_Assignment_. Below, some lines carry pictures; leave those pictures out and retype exactly the lines from the one with "[diagram v1a: board, top" through the one with "- FID3: value".

·····

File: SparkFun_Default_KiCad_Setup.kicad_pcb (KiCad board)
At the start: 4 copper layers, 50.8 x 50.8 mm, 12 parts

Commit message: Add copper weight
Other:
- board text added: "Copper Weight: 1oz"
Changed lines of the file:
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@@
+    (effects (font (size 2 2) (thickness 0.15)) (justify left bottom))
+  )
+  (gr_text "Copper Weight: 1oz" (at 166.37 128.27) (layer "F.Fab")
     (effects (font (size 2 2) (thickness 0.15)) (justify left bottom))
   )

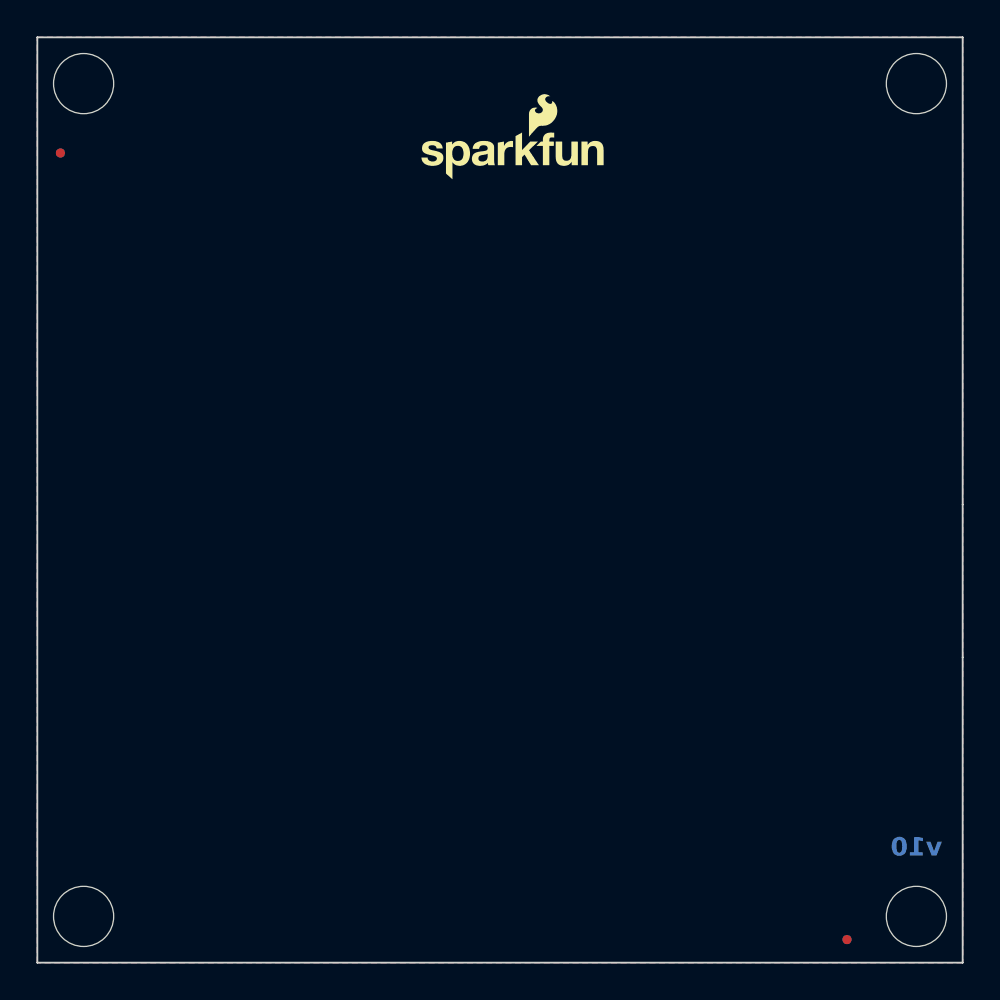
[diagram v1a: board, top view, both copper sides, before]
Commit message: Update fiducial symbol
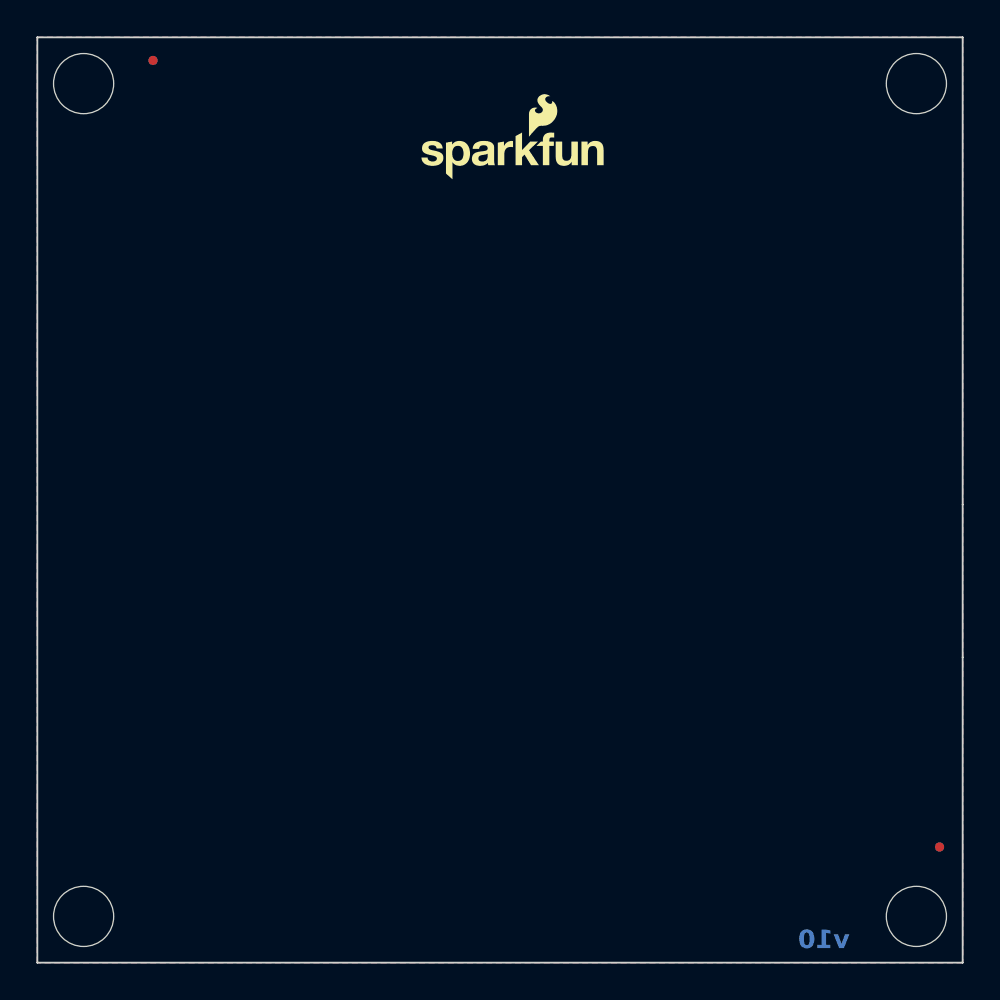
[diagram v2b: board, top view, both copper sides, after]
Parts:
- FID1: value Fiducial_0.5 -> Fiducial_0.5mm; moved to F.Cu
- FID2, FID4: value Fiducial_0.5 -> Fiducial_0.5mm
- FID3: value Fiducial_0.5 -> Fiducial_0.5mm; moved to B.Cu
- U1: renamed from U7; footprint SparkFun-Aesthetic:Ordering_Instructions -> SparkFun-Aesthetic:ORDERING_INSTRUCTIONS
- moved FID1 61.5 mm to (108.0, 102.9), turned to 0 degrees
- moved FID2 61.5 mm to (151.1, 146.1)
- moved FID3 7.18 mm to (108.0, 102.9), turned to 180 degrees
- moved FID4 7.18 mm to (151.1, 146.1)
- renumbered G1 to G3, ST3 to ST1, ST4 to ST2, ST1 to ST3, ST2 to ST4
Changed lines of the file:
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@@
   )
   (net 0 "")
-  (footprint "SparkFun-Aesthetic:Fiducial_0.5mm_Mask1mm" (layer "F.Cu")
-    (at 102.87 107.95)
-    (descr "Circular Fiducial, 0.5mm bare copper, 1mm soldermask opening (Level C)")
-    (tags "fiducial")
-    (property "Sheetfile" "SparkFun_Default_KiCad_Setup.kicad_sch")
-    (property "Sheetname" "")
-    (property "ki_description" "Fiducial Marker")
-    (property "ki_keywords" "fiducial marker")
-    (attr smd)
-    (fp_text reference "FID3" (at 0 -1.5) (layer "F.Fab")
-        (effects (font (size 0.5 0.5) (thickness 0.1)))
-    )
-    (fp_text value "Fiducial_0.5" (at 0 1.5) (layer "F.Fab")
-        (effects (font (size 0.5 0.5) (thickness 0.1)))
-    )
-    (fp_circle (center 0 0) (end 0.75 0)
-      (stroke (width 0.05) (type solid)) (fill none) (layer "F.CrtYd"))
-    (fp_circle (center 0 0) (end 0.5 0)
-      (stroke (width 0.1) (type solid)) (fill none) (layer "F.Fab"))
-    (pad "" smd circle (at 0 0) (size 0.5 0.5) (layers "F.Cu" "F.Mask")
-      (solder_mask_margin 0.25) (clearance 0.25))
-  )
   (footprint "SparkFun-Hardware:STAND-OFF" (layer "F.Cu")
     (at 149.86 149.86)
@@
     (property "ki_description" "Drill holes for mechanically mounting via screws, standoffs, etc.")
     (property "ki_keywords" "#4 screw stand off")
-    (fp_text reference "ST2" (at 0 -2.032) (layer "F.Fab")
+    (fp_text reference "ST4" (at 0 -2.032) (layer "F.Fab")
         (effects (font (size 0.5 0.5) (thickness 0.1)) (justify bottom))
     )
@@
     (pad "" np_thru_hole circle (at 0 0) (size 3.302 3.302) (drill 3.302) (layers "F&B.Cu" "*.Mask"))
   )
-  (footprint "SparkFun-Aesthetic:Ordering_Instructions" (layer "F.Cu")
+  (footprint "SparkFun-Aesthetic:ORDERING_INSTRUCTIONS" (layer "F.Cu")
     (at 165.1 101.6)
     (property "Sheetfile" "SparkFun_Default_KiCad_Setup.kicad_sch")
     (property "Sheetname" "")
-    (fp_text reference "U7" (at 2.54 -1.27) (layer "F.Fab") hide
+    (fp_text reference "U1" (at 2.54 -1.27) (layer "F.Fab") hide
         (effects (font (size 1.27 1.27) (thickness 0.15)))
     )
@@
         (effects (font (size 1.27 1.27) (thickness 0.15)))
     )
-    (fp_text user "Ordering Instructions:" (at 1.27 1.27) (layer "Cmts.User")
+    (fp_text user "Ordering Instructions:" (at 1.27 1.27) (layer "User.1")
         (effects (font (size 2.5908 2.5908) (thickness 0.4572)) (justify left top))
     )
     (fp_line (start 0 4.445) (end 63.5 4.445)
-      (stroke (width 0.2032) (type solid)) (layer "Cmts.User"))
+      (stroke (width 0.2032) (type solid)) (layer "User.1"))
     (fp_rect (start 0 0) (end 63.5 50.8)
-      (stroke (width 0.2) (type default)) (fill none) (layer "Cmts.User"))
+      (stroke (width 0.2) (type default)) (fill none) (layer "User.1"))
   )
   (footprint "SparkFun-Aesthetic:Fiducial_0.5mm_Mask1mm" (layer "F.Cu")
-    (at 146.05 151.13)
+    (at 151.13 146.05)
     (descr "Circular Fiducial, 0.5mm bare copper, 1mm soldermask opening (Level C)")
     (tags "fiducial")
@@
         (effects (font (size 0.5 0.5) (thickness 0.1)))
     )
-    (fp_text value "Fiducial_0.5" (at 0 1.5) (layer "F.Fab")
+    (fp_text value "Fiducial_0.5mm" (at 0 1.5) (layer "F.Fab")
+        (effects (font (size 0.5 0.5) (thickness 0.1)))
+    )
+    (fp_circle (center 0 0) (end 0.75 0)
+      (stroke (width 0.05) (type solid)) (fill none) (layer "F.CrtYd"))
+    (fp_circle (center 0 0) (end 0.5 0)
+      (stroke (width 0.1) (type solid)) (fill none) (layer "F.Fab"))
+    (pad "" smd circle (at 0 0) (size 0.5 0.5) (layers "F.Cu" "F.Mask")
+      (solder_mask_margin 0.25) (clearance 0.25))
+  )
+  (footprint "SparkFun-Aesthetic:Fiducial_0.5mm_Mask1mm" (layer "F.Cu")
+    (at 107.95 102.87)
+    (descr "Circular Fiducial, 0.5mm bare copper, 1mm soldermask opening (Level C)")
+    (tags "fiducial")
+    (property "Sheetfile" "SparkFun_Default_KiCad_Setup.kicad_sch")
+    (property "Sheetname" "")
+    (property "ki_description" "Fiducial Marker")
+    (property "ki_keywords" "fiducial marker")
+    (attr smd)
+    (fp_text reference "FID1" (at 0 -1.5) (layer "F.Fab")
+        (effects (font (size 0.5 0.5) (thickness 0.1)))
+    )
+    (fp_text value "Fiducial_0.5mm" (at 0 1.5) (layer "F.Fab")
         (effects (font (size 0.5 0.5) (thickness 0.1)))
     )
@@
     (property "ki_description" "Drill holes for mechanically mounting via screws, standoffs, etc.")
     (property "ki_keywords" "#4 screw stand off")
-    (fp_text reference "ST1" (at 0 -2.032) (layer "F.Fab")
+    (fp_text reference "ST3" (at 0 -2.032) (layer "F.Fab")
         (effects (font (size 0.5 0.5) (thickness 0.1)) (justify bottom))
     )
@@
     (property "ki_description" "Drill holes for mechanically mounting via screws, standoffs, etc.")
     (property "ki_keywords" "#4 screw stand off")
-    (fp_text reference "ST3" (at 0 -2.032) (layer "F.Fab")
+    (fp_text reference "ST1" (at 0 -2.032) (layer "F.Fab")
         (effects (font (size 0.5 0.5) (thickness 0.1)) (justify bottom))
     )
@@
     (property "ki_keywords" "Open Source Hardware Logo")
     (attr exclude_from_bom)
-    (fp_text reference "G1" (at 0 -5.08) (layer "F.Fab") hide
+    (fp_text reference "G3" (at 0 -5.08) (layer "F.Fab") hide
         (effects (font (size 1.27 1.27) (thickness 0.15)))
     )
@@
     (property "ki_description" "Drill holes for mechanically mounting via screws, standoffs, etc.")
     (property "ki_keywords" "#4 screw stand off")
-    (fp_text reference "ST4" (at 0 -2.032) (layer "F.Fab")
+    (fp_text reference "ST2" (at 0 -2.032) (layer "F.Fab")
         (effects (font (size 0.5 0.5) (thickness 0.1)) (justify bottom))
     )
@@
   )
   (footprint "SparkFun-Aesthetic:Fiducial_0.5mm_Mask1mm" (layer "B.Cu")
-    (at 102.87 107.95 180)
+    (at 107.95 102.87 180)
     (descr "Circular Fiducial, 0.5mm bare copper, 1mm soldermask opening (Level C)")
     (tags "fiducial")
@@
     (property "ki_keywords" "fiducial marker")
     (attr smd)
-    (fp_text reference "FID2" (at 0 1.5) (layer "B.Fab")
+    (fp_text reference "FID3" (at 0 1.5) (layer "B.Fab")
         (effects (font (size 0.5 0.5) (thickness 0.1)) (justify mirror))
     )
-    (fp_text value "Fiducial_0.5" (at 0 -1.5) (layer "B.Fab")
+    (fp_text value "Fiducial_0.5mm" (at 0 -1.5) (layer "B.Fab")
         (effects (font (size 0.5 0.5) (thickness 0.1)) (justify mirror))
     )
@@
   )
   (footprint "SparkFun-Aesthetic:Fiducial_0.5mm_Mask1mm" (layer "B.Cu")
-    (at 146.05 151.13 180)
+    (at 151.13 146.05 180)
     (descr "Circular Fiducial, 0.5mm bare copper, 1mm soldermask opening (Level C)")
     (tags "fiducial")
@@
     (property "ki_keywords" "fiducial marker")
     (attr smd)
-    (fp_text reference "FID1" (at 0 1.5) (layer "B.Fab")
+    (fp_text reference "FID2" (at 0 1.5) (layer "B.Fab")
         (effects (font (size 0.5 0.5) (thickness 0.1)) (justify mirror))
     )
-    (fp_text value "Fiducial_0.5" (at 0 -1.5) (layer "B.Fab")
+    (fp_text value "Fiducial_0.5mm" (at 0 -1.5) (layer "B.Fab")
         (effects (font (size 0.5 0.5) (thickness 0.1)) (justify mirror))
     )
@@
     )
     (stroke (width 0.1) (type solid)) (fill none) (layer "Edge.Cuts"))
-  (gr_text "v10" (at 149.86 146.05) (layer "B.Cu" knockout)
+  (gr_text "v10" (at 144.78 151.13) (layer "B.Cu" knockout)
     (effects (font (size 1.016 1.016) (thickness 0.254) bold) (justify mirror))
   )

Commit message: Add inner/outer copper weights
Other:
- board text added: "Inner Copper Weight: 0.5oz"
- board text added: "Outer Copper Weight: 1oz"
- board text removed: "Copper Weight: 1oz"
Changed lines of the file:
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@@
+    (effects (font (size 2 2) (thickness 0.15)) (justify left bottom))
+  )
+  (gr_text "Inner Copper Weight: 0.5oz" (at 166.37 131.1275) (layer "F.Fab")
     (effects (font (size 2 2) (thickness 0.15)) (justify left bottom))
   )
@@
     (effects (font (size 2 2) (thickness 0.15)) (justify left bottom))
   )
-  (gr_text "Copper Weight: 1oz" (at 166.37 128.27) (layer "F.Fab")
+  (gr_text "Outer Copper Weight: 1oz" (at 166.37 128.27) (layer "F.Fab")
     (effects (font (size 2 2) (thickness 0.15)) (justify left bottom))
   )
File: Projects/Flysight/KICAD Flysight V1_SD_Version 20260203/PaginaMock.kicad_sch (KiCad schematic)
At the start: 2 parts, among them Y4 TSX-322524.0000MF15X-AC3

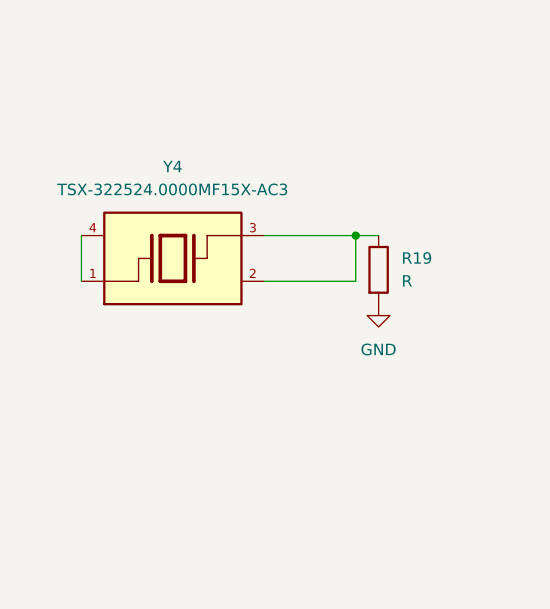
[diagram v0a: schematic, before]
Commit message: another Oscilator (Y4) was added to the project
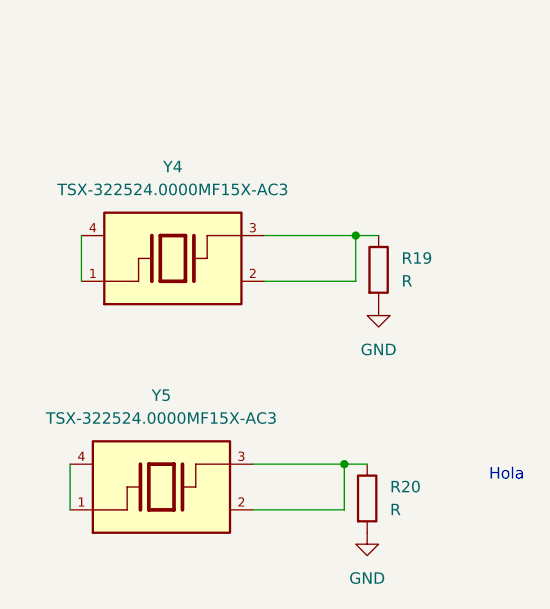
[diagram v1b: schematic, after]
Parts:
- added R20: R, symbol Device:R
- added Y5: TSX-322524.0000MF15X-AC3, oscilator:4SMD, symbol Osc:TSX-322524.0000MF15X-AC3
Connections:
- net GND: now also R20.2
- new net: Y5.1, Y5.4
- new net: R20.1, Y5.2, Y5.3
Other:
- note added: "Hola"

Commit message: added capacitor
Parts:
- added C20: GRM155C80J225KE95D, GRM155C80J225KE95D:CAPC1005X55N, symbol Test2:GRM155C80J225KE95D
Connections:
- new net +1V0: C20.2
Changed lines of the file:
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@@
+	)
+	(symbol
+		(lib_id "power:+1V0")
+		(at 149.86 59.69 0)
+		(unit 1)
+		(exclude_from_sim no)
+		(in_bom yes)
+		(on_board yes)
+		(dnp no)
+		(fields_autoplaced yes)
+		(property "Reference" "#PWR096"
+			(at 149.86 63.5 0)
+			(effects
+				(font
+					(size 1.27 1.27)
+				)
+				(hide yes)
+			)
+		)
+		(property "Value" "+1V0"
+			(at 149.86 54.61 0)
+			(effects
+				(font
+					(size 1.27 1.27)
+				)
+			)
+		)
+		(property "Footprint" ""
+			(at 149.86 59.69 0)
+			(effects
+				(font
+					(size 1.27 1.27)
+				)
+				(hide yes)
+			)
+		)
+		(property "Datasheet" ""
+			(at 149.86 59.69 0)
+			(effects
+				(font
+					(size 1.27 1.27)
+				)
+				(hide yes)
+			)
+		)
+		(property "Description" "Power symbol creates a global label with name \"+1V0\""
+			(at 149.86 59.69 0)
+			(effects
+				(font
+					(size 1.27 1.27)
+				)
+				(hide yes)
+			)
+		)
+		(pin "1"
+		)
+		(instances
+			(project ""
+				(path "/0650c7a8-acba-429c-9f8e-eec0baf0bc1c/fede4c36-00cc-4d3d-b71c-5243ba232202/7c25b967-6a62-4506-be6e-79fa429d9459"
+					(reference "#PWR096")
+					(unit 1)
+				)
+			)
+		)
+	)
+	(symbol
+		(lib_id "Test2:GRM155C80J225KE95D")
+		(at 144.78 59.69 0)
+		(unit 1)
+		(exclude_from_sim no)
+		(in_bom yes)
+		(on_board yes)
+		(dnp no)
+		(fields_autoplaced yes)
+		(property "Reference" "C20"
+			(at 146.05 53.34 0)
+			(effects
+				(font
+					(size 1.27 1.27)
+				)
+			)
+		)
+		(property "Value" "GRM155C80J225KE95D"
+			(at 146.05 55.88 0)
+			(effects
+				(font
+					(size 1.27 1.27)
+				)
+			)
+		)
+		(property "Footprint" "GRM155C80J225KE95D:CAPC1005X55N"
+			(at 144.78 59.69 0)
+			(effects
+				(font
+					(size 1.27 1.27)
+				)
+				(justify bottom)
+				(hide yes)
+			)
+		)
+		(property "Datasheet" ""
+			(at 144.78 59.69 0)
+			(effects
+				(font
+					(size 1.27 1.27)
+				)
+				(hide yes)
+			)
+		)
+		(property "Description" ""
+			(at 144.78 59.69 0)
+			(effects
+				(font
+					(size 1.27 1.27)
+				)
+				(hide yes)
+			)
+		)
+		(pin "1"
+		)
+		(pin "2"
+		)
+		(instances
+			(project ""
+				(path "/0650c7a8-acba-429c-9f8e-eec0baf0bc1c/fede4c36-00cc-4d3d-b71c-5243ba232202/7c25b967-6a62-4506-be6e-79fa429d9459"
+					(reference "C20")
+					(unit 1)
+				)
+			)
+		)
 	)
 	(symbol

·····

_Exercise response_.
[diagram v1a: board, top view, both copper sides, before]
Commit message: Update fiducial symbol
[diagram v2b: board, top view, both copper sides, after]
Parts:
- FID1: value Fiducial_0.5 -> Fiducial_0.5mm; moved to F.Cu
- FID2, FID4: value Fiducial_0.5 -> Fiducial_0.5mm
- FID3: value Fiducial_0.5 -> Fiducial_0.5mm; moved to B.Cu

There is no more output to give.